In an effort to bolster that pass defense against disheartening mistakes, Indiana sought out junior college help this offseason, eventually adding four players from that level to its roster.
At corner, Antonio Marshall and Tim Bennett have only joined the team this fall. Both, according to co-defensive coordinator Mike Ekeler, are “still swimming,” still adjusting to their new responsibilities, not unlike running back Stephen Houston one year ago.
Tregg Waters came in to play safety, but he has since switched down to the nickel spot, to provide depth there behind Heban.
And Ryan Thompson, while sometimes still prone to the hiccups of unfamiliarity and inexperience, finds himself in the mix for one of the starting spots at safety. IU coach Kevin Wilson said recently that Thompson might be performing better than any of the other six JUCO transfers added on the defensive side of the ball.
“Ryan’s coming on. He’s still got a lot of room for improvement. He’s still feeling his way out there a little bit,” safeties coach and co-defensive coordinator Doug Mallory said. “Some of that’s just not clicking as quickly as it needs to, but again, he’s coming. I think he’s getting better. He’s getting a lot better overall feel for what we’re trying to get accomplished, and he shows flashes of being a good football player.”
Thompson and the other transfers mix into a unit that, while inexperienced and beaten up a year ago, returns nearly plenty of institutional knowledge in 2012. Sophomores Kenny Mullen and Michael Hunter and redshirt juniors Lawrence Barnett and Heban all return at corner, while Drew Hardin, Alex Webb and Murphy all remain at safety.
A year ago, many of those players spent the season working slowly through Indiana’s defensive concepts, struggling to grasp much beyond basic techniques, reads and coverages. A year on, Murphy said that’s no longer the case.
“We have more stuff to mix in there,” Murphy said. “We couldn’t throw as much in last year, especially because the coaches had just been here in the spring, into the summer. Now we can build on that, so I’d say there are a lot of different types of coverages and types of bluffs we can throw in there, to complement our different packages.”
The weary adage about freshmen is that they become sophomores.
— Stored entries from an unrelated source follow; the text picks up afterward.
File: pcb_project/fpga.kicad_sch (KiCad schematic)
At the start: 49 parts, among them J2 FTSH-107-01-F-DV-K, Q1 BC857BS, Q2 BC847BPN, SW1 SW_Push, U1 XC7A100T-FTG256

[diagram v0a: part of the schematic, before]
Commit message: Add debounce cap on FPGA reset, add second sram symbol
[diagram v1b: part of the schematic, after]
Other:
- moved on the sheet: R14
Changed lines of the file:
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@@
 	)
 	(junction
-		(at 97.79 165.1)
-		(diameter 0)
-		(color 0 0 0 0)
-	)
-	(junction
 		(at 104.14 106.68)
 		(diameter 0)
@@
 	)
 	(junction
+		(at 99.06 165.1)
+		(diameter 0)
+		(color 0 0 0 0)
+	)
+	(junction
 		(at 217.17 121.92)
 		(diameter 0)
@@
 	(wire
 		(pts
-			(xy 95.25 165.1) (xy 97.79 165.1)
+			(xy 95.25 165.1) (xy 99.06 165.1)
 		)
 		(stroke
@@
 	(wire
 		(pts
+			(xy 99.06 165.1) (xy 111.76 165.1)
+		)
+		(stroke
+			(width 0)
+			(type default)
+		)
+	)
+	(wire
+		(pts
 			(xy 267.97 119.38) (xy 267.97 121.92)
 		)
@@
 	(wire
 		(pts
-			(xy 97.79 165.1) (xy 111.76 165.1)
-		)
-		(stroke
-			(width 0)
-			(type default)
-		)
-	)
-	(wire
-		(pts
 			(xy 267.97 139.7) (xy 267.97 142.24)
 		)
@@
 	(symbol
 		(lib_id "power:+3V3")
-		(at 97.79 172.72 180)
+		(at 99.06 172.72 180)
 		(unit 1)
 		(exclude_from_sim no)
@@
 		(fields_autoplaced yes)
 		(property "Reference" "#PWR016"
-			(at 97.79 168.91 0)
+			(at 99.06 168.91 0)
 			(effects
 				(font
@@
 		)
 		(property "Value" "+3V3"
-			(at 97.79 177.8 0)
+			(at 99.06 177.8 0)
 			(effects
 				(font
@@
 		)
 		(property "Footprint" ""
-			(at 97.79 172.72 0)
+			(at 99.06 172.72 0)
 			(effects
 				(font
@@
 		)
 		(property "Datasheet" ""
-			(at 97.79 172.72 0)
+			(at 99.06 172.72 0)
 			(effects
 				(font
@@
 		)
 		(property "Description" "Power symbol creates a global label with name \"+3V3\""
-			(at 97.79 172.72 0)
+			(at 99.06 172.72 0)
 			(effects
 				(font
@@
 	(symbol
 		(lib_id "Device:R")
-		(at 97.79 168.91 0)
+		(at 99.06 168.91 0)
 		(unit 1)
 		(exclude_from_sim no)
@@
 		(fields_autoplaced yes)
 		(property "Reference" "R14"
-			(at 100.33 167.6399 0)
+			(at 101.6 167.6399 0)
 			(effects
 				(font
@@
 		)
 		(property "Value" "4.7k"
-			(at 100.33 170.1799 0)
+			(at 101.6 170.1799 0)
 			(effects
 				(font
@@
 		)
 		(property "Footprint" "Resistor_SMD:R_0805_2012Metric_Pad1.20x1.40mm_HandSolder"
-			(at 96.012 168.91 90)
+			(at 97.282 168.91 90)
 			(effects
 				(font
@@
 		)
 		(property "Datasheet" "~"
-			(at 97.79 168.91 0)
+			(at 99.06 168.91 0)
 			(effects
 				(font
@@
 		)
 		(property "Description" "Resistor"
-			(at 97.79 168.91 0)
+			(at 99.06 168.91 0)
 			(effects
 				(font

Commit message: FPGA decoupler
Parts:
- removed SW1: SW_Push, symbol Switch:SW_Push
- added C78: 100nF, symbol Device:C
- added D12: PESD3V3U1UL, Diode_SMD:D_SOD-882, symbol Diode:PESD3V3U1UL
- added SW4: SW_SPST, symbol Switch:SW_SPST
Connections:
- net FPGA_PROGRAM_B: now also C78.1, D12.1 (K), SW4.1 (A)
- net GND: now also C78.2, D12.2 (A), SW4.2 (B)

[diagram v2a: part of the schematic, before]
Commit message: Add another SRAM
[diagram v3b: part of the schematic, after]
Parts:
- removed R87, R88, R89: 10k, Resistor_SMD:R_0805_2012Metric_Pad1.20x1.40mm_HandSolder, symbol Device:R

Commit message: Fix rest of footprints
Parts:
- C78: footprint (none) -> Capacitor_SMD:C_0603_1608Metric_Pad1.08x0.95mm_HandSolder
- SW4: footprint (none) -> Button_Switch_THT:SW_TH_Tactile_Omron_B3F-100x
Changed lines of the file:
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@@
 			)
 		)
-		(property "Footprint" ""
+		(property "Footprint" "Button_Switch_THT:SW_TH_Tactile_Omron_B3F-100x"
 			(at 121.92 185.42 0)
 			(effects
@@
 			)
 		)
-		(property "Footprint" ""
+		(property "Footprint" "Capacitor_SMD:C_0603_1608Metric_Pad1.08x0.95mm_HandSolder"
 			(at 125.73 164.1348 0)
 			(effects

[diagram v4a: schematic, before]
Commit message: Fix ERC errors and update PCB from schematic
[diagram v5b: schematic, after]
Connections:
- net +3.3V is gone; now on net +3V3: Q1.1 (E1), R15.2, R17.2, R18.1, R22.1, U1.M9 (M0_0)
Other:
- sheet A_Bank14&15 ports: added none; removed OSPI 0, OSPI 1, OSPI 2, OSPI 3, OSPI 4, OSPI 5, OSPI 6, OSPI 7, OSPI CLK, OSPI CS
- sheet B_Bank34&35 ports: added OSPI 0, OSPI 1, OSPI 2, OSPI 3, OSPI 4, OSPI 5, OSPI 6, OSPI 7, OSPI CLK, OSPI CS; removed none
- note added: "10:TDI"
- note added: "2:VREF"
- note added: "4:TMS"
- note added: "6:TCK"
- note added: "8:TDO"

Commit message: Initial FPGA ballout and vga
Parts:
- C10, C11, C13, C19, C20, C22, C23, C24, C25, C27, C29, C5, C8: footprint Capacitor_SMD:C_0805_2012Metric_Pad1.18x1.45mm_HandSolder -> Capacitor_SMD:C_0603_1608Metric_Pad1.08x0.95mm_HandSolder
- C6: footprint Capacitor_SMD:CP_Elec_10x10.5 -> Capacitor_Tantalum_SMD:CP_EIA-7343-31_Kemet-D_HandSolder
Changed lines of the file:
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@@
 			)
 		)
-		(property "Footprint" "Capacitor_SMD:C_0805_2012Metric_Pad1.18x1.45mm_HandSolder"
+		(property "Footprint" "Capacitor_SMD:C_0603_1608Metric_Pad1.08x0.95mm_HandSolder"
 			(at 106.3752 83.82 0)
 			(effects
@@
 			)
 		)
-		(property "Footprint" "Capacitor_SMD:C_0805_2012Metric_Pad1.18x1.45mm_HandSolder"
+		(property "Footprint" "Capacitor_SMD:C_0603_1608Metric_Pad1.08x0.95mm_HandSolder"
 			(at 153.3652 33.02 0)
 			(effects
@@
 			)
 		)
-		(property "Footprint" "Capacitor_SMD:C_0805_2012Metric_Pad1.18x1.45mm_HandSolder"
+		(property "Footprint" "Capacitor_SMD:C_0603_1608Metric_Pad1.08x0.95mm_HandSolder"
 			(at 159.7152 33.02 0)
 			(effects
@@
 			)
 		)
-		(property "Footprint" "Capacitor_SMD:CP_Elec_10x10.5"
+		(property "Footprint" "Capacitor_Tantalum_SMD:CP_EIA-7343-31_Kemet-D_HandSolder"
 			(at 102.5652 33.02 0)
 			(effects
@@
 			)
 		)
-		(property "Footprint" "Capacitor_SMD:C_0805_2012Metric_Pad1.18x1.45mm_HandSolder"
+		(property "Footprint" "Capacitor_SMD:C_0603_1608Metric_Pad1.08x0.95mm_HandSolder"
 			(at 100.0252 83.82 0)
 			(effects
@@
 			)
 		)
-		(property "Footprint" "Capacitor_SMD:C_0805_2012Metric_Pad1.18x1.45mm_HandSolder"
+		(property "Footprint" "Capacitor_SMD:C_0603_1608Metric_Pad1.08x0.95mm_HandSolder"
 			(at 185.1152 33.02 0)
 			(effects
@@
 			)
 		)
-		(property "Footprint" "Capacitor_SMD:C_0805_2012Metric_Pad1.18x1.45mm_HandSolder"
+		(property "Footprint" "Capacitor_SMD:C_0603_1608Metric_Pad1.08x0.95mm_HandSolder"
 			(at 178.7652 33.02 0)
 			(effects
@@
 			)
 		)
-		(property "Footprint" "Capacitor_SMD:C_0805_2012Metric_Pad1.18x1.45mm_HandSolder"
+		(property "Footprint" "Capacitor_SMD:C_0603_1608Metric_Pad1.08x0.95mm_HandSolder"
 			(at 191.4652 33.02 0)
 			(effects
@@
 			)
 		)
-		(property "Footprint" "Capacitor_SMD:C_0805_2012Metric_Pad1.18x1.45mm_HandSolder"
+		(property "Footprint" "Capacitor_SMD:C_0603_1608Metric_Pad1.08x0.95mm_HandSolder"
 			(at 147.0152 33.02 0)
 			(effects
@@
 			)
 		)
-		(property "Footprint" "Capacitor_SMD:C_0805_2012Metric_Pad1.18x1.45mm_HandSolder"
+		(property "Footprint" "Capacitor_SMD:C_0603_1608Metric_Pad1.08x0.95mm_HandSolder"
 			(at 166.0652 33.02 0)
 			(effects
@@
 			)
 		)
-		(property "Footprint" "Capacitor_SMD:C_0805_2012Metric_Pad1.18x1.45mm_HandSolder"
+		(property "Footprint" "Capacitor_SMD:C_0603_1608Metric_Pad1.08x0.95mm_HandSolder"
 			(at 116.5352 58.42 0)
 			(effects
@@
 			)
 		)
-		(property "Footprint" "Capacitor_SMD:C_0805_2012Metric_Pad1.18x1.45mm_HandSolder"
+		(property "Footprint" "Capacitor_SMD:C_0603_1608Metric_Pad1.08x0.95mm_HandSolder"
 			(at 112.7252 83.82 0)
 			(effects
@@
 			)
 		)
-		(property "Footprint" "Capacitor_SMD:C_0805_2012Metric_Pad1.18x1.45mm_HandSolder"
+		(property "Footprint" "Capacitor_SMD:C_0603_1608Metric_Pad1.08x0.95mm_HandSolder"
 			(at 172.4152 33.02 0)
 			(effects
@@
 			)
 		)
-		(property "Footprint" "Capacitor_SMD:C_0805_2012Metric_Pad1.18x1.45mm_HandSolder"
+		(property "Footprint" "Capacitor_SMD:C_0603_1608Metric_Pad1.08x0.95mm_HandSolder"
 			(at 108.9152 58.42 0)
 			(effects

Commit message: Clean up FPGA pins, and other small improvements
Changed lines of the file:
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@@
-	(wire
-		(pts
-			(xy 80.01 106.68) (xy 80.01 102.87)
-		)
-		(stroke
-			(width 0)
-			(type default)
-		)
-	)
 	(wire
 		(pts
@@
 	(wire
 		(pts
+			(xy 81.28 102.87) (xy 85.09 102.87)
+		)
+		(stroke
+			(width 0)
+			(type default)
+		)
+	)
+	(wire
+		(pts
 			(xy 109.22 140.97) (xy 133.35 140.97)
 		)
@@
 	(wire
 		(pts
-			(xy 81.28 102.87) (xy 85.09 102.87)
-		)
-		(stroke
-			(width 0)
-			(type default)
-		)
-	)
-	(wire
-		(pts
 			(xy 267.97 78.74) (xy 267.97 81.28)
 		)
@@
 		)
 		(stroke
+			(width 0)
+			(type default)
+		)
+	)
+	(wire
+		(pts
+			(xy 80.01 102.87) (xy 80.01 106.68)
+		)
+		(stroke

But the staff change and roster turnover made rookies out of even third-year players in Wilson’s first season in charge.
With another 12 months to turn experience into wisdom, and wisdom into action, Murphy is confident Indiana’s pass defense will improve.
“I’d say last year was a lot of learning experience. A lot of us got thrown into the fire. We were a real young team,” Murphy said. “And now that we’ve learned it a lot, we know what’s expected, I think it’s going to be a lot more of applying it to the game situations and then executing."